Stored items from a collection
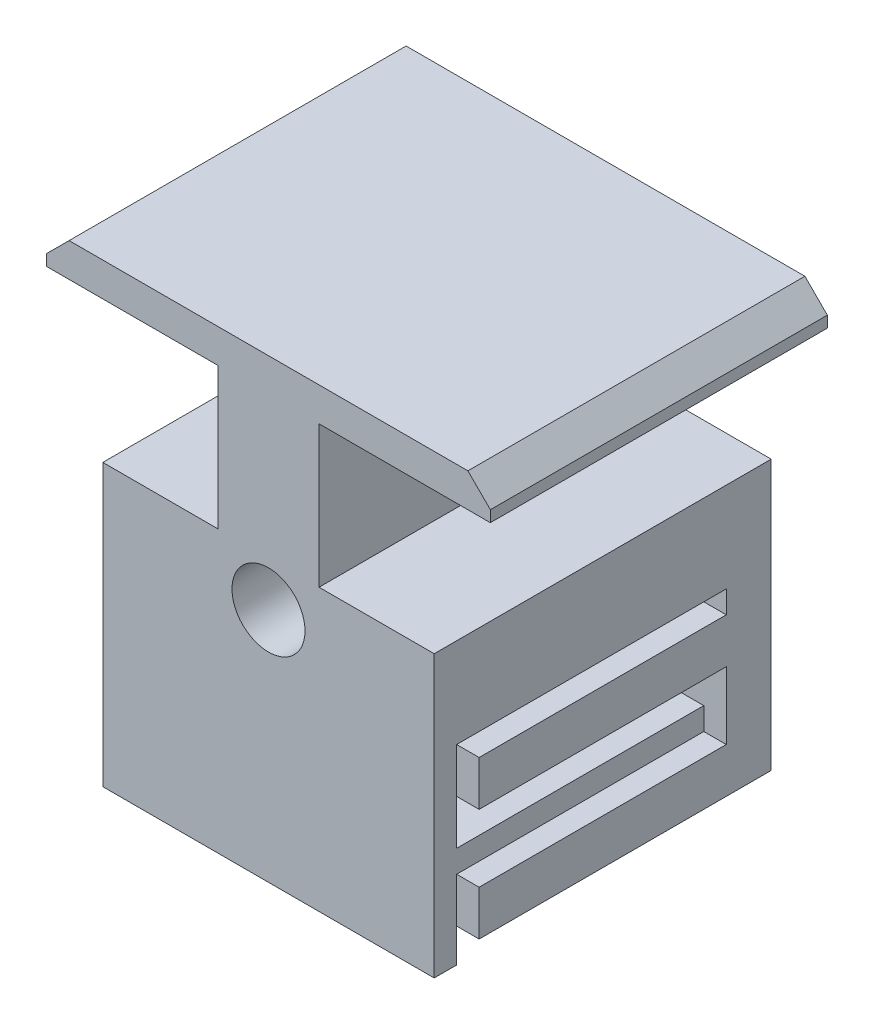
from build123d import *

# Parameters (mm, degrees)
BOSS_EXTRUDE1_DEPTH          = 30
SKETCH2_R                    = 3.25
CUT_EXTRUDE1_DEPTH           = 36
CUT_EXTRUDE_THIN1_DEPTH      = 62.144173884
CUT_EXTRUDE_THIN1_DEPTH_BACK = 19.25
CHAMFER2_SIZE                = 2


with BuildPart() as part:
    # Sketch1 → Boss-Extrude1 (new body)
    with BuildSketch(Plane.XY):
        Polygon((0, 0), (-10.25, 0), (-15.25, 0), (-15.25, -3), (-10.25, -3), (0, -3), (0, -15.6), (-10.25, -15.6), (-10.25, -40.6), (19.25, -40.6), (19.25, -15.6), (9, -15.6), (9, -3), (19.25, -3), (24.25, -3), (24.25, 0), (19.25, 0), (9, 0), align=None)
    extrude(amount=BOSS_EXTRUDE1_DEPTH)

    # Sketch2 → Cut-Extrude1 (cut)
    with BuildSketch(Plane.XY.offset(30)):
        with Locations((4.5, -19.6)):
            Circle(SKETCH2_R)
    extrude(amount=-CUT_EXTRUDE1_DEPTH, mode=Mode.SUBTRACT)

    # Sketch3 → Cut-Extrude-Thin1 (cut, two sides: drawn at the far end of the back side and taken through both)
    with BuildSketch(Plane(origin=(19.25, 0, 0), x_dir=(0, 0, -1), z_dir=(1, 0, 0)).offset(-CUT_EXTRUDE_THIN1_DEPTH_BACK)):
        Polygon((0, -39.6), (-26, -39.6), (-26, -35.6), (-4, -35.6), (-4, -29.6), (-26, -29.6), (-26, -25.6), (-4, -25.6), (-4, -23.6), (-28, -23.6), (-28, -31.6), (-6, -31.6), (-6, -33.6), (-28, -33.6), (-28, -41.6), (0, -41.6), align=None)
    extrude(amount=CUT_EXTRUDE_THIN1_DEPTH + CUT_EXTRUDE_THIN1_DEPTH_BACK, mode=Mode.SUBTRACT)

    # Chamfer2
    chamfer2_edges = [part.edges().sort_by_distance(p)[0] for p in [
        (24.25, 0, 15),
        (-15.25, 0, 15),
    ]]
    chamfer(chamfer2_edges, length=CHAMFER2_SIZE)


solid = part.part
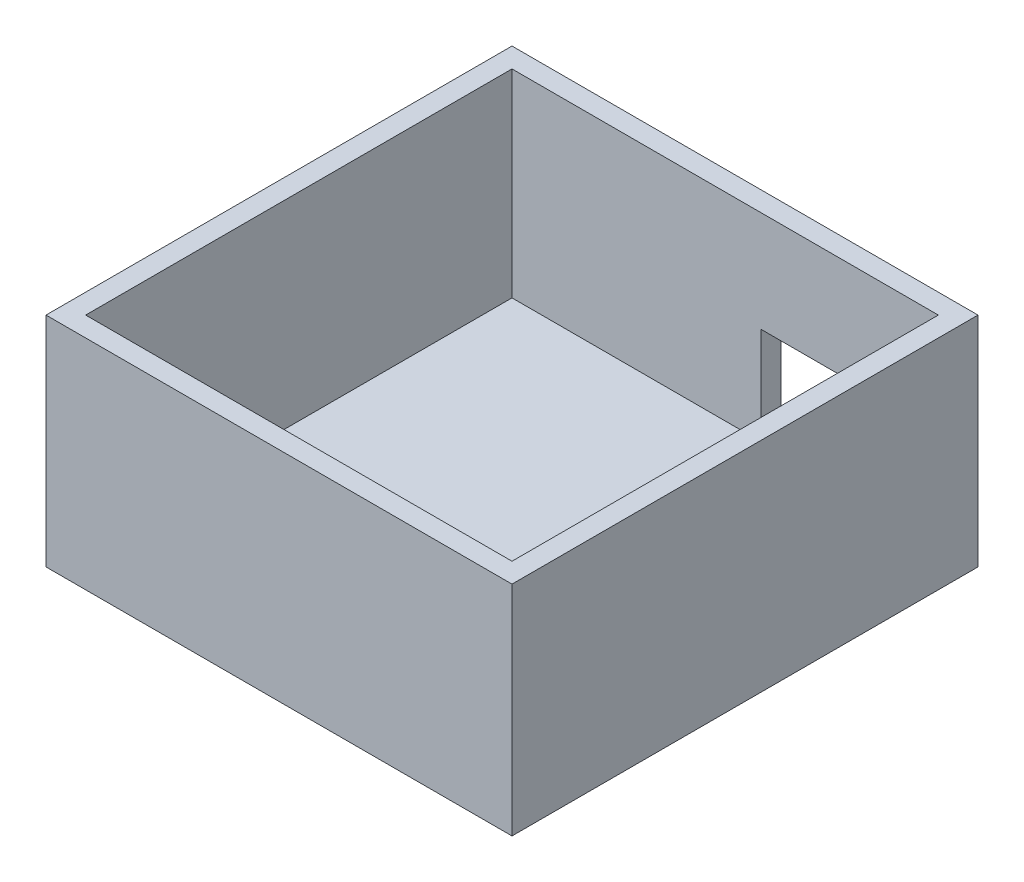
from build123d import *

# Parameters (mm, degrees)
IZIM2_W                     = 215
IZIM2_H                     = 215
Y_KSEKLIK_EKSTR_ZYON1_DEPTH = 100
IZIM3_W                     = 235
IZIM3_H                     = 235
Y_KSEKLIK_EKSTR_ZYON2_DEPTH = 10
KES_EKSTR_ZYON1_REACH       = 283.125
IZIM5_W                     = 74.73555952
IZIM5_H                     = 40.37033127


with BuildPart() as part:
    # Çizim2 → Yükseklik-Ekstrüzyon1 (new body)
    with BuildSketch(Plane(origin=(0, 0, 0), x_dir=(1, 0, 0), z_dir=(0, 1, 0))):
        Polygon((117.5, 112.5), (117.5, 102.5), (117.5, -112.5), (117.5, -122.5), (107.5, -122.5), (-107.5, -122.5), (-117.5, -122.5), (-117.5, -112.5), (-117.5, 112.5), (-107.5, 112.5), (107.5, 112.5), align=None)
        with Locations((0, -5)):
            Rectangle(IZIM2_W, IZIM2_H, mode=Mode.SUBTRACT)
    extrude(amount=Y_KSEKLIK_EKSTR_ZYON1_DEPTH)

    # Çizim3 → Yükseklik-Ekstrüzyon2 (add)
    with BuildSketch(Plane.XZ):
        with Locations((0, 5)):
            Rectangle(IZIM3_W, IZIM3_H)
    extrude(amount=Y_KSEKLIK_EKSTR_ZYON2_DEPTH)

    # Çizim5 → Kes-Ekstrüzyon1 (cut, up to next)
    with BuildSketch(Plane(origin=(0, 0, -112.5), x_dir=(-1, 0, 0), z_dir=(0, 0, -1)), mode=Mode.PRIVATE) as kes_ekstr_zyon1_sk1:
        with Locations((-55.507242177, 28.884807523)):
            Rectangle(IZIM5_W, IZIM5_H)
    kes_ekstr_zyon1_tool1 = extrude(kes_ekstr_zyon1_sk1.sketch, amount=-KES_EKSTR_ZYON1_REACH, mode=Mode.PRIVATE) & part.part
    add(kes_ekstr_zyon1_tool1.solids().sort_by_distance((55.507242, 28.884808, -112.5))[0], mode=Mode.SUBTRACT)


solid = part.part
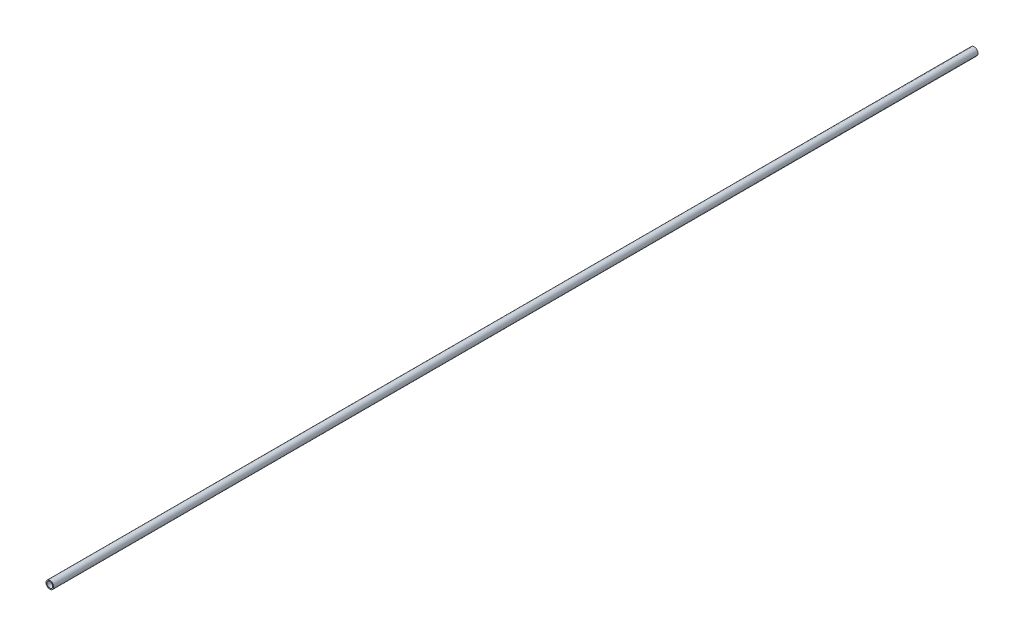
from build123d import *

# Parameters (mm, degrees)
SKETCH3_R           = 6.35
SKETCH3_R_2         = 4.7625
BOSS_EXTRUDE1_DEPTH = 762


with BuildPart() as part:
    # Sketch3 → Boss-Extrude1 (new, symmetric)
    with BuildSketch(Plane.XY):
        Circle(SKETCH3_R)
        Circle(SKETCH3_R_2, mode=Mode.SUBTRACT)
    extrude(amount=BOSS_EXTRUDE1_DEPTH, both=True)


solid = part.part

REQUIRED ACTION. Every line above carrying the word "Circle" needs to be shown.

YOUR SOLUTION.
            Circle(SKETCH2_R)
        Circle(SKETCH3_R)
        Circle(SKETCH3_R_2, mode=Mode.SUBTRACT)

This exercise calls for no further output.